● **TASK INPUTS**
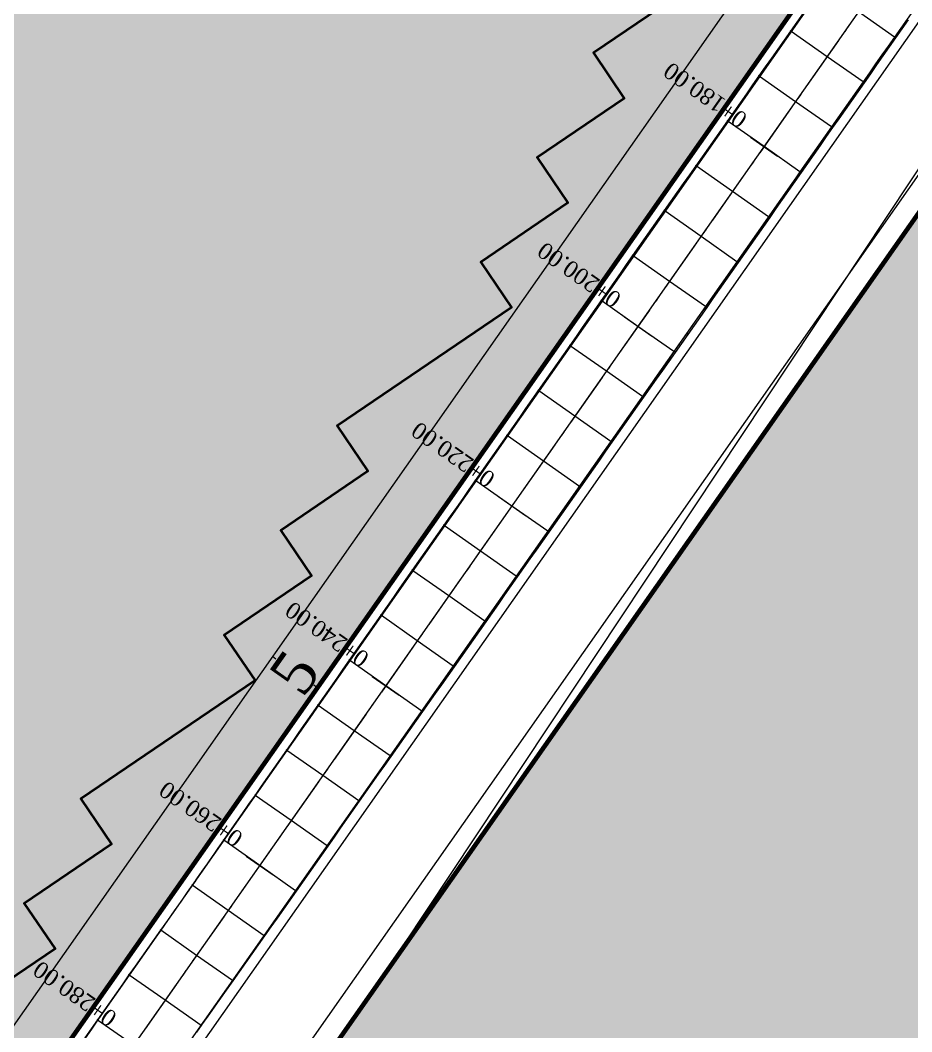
# Model space of a CAD drawing. Header units: metres. Extents: x 478603 to 489313, y 4282657 to 4289463.
# Drawn here: x 480147.6 to 480228.8, y 4287622.3 to 4287714.5 of the extents above; entities that cross this region are included whole.
import ezdxf

# ---------------------------------------------------------------- set-up
doc = ezdxf.new("R2010")
doc.units = ezdxf.units.M
for name, color, linetype, lineweight in [('ADAKENARI', 18, 'Continuous', 0), ('EKS_5', 5, 'Continuous', 0), ('EKSENLER', 3, 'Continuous', 0), ('HDA_5', 30, 'Continuous', 0), ('HDO_5', 30, 'Continuous', 0), ('KALDIRIM', 11, 'Continuous', 0), ('KDA_5', 150, 'Continuous', 20), ('KDO_5', 150, 'Continuous', 20), ('KYA_5', 1, 'Continuous', 20), ('KYO_5', 1, 'Continuous', 20), ('PARSEL_ALAN', 254, 'Continuous', 0), ('PARSEL_SERA_ALAN', 9, 'Continuous', 40), ('PL_ALİNMAN', 1, 'Continuous', 0), ('PL_ENKESIT', 1, 'Continuous', 0), ('PL_KM', 4, 'Continuous', 0), ('PL_KMYAZI', 30, 'Continuous', 0), ('REFUJ', 63, 'Continuous', 0), ('REVIZE_ONERI_KAM_SNR', 9, 'Continuous', 0), ('ROL_CEPHE', 1, 'Continuous', 0), ('SEV_KYA_HDA', 3, 'Continuous', 0), ('SEV_KYO_HDO', 3, 'Continuous', 0), ('SEV_YKA_KDA', 3, 'Continuous', 0), ('SNR_PLANONAMAA', 233, 'Continuous', 0), ('SNR_YAPIYAK', 18, 'Continuous', 0), ('YKA_5', 33, 'Continuous', 0), ('YKO_5', 33, 'Continuous', 0)]:
    doc.layers.add(name, color=color, linetype=linetype, lineweight=lineweight)
doc.styles.get("Standard").update_dxf_attribs({"font": 'times.ttf'})

msp = doc.modelspace()

# ---------------------------------------------------------------- hatches: boundary and pattern name
at = {"layer": 'PARSEL_ALAN'}
msp.add_hatch(color=256, dxfattribs=at).paths.add_polyline_path([(479996.216, 4287399.348), (480059.064, 4287488.921), (480291.133, 4287819.673), (480291.199, 4287822.992), (480283.534, 4287834.907), (480280.802, 4287835.46), (479887.055, 4287565.852), (479878.804, 4287560.202), (479991.995, 4287393.333)])
at = {"layer": 'PARSEL_SERA_ALAN'}
msp.add_hatch(color=256, dxfattribs=at).paths.add_polyline_path([(479889.336, 4287561.312), (480275.034, 4287822.94), (480280.648, 4287814.665), (480272.703, 4287809.276), (480264.759, 4287803.887), (480267.565, 4287799.749), (480259.621, 4287794.36), (480262.428, 4287790.222), (480254.483, 4287784.833), (480257.29, 4287780.695), (480241.4, 4287769.917), (480244.207, 4287765.779), (480236.262, 4287760.39), (480239.069, 4287756.252), (480231.125, 4287750.863), (480223.18, 4287745.474), (480225.987, 4287741.336), (480218.042, 4287735.947), (480220.849, 4287731.809), (480212.904, 4287726.42), (480215.711, 4287722.282), (480199.822, 4287711.504), (480202.628, 4287707.366), (480194.684, 4287701.977), (480197.49, 4287697.839), (480189.546, 4287692.45), (480192.353, 4287688.312), (480176.463, 4287677.534), (480179.27, 4287673.396), (480171.325, 4287668.007), (480174.132, 4287663.87), (480166.187, 4287658.48), (480168.994, 4287654.343), (480153.105, 4287643.564), (480155.912, 4287639.427), (480147.967, 4287634.038), (480150.774, 4287629.9), (480142.829, 4287624.511), (480134.884, 4287619.122), (480137.691, 4287614.984), (480129.747, 4287609.595), (480132.553, 4287605.457), (480124.609, 4287600.068), (480127.415, 4287595.93), (480111.526, 4287585.152), (480114.333, 4287581.014), (480106.388, 4287575.625), (480109.195, 4287571.487), (480101.25, 4287566.098), (480104.057, 4287561.96), (480088.168, 4287551.182), (480090.975, 4287547.044), (480083.03, 4287541.655), (480085.837, 4287537.517), (480069.947, 4287526.739), (480072.754, 4287522.601), (480064.809, 4287517.212), (480067.616, 4287513.074), (480059.672, 4287507.685), (480062.478, 4287503.547), (480046.589, 4287492.769), (480049.396, 4287488.631), (480041.451, 4287483.242), (480044.258, 4287479.104), (480036.313, 4287473.715), (480039.12, 4287469.578), (480023.231, 4287458.799), (480026.037, 4287454.662), (480018.093, 4287449.273), (480020.9, 4287445.135), (480005.01, 4287434.357), (480007.817, 4287430.219), (479999.872, 4287424.83), (480002.679, 4287420.692), (479994.734, 4287415.303), (479997.541, 4287411.165), (479989.597, 4287405.776), (479885.745, 4287558.876)])
at = {"layer": 'REVIZE_ONERI_KAM_SNR'}
msp.add_hatch(color=256, dxfattribs=at).paths.add_polyline_path([(480391.367, 4287736.669), (479958.383, 4287021.549), (479846.658, 4286823.222), (479817.89, 4286807.315), (479678.542, 4286593.142), (479667.017, 4286563.363), (479171.867, 4285664.491), (479060.048, 4285423.503), (478955.18, 4285211.94), (478971.566, 4285181.441), (478973.577, 4285138.063), (478896.826, 4284994.408), (478884.265, 4284953.22), (478871.378, 4284822.15), (478829.635, 4284818.294), (478829.635, 4284859.395), (478806.788, 4284865.484), (478716.868, 4284674.346), (478705.555, 4284645.226), (478602.858, 4284697.153), (478665.092, 4284834.557), (478661.843, 4284859.589), (478721.272, 4284982.029), (478734.091, 4284989.859), (478857.784, 4285241.35), (478838.864, 4285277.85), (478831.672, 4285382.601), (478866.605, 4285387.386), (478882.649, 4285289.089), (479341.441, 4286225.895), (479492.419, 4286515.34), (479668.688, 4286852.714), (479834.72, 4287134.358), (480316.151, 4287820.508), (480353.749, 4287856.55), (480321.391, 4287969.422), (480358.639, 4287985.063), (480384.472, 4287906.347), (480463.863, 4288018.438), (480598.658, 4288207.438), (480775.091, 4288481.279), (480856.22, 4288581.77), (481195.87, 4289025.916), (481277.924, 4288967.093), (481191.325, 4288856.625), (480684.777, 4288177.967), (480420.914, 4287781.108), (480447.152, 4287667.529), (480456.56, 4287584.456), (480422.309, 4287581.553), (480417.605, 4287623.09), (480404.486, 4287679.879)])

# ---------------------------------------------------------------- linework, layer by layer
at = {"layer": 'ADAKENARI', "lineweight": 200}
for p, q in [((480291.133, 4287819.673), (480059.064, 4287488.921)), ((480075.436, 4287477.433), (480316.151, 4287820.508))]:
    msp.add_line(p, q, dxfattribs=at)
at = {"layer": 'EKS_5'}
for p in [(480221.103, 4287711.158, 944.341), (480218.231, 4287707.065, 944.494), (480215.359, 4287702.972, 944.648), (480212.487, 4287698.879, 944.801), (480209.615, 4287694.786, 944.954), (480206.744, 4287690.693, 945.107), (480203.872, 4287686.6, 945.26), (480201, 4287682.507, 945.413), (480198.128, 4287678.414, 945.567), (480195.256, 4287674.321, 945.72), (480192.385, 4287670.228, 945.873), (480189.513, 4287666.135, 946.026), (480186.641, 4287662.042, 946.179), (480183.769, 4287657.949, 946.332), (480180.897, 4287653.856, 946.486), (480178.025, 4287649.763, 946.639), (480175.154, 4287645.67, 946.792), (480172.282, 4287641.577, 946.945), (480169.41, 4287637.484, 947.098), (480166.538, 4287633.391, 947.252), (480163.666, 4287629.298, 947.405), (480160.795, 4287625.205, 947.558)]:
    msp.add_point(p, dxfattribs=at)
at = {"layer": 'EKSENLER'}
msp.add_line((480063.157, 4287486.049), (480303.989, 4287829.29), dxfattribs=at)
at = {"layer": 'HDA_5'}
msp.add_polyline3d([(480218.969, 4287715.099, 944.15), (480218.394, 4287714.28, 944.181), (480217.82, 4287713.462, 944.211), (480217.246, 4287712.643, 944.242), (480216.671, 4287711.824, 944.272), (480216.097, 4287711.006, 944.303), (480215.523, 4287710.187, 944.334), (480214.948, 4287709.369, 944.364), (480214.374, 4287708.55, 944.395), (480213.8, 4287707.731, 944.426), (480213.225, 4287706.913, 944.456), (480212.651, 4287706.094, 944.487), (480212.076, 4287705.276, 944.518), (480211.502, 4287704.457, 944.548), (480210.928, 4287703.638, 944.579), (480210.353, 4287702.82, 944.609), (480209.779, 4287702.001, 944.64), (480209.205, 4287701.183, 944.671), (480208.63, 4287700.364, 944.701), (480208.056, 4287699.545, 944.732), (480207.482, 4287698.727, 944.763), (480206.907, 4287697.908, 944.793), (480206.333, 4287697.09, 944.824), (480205.758, 4287696.271, 944.854), (480205.184, 4287695.452, 944.885), (480204.61, 4287694.634, 944.916), (480204.035, 4287693.815, 944.946), (480203.461, 4287692.997, 944.977), (480202.887, 4287692.178, 945.008), (480202.312, 4287691.359, 945.038), (480201.738, 4287690.541, 945.069), (480201.164, 4287689.722, 945.1), (480200.589, 4287688.904, 945.13), (480200.015, 4287688.085, 945.161), (480199.441, 4287687.266, 945.192), (480198.866, 4287686.448, 945.222), (480198.292, 4287685.629, 945.253), (480197.717, 4287684.81, 945.283), (480197.143, 4287683.992, 945.314), (480196.569, 4287683.173, 945.345), (480195.994, 4287682.355, 945.375), (480195.42, 4287681.536, 945.406), (480194.846, 4287680.717, 945.437), (480194.271, 4287679.899, 945.467), (480193.697, 4287679.08, 945.498), (480193.123, 4287678.262, 945.529), (480192.548, 4287677.443, 945.559), (480191.974, 4287676.624, 945.59), (480191.399, 4287675.806, 945.62), (480190.825, 4287674.987, 945.651), (480190.251, 4287674.169, 945.682), (480189.676, 4287673.35, 945.712), (480189.102, 4287672.531, 945.743), (480188.528, 4287671.713, 945.774), (480187.953, 4287670.894, 945.804), (480187.379, 4287670.076, 945.835), (480186.805, 4287669.257, 945.865), (480186.23, 4287668.438, 945.896), (480185.656, 4287667.62, 945.927), (480185.081, 4287666.801, 945.957), (480184.507, 4287665.983, 945.988), (480183.933, 4287665.164, 946.019), (480183.358, 4287664.345, 946.049), (480182.784, 4287663.527, 946.08), (480182.21, 4287662.708, 946.111), (480181.635, 4287661.89, 946.141), (480181.061, 4287661.071, 946.172), (480180.487, 4287660.252, 946.202), (480179.912, 4287659.434, 946.233), (480179.338, 4287658.615, 946.264), (480178.763, 4287657.797, 946.294), (480178.189, 4287656.978, 946.325), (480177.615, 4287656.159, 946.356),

● **TRY IT**
This exercise asks for an exact copy of the lines from the first one in the data through the line that contains "doc.units = ezdxf.units.M", pictures excluded.

● **SOLUTION TO THIS PROBLEM**
# Model space of a CAD drawing. Header units: metres. Extents: x 478603 to 489313, y 4282657 to 4289463.
# Drawn here: x 480147.6 to 480228.8, y 4287622.3 to 4287714.5 of the extents above; entities that cross this region are included whole.
import ezdxf

# ---------------------------------------------------------------- set-up
doc = ezdxf.new("R2010")
doc.units = ezdxf.units.M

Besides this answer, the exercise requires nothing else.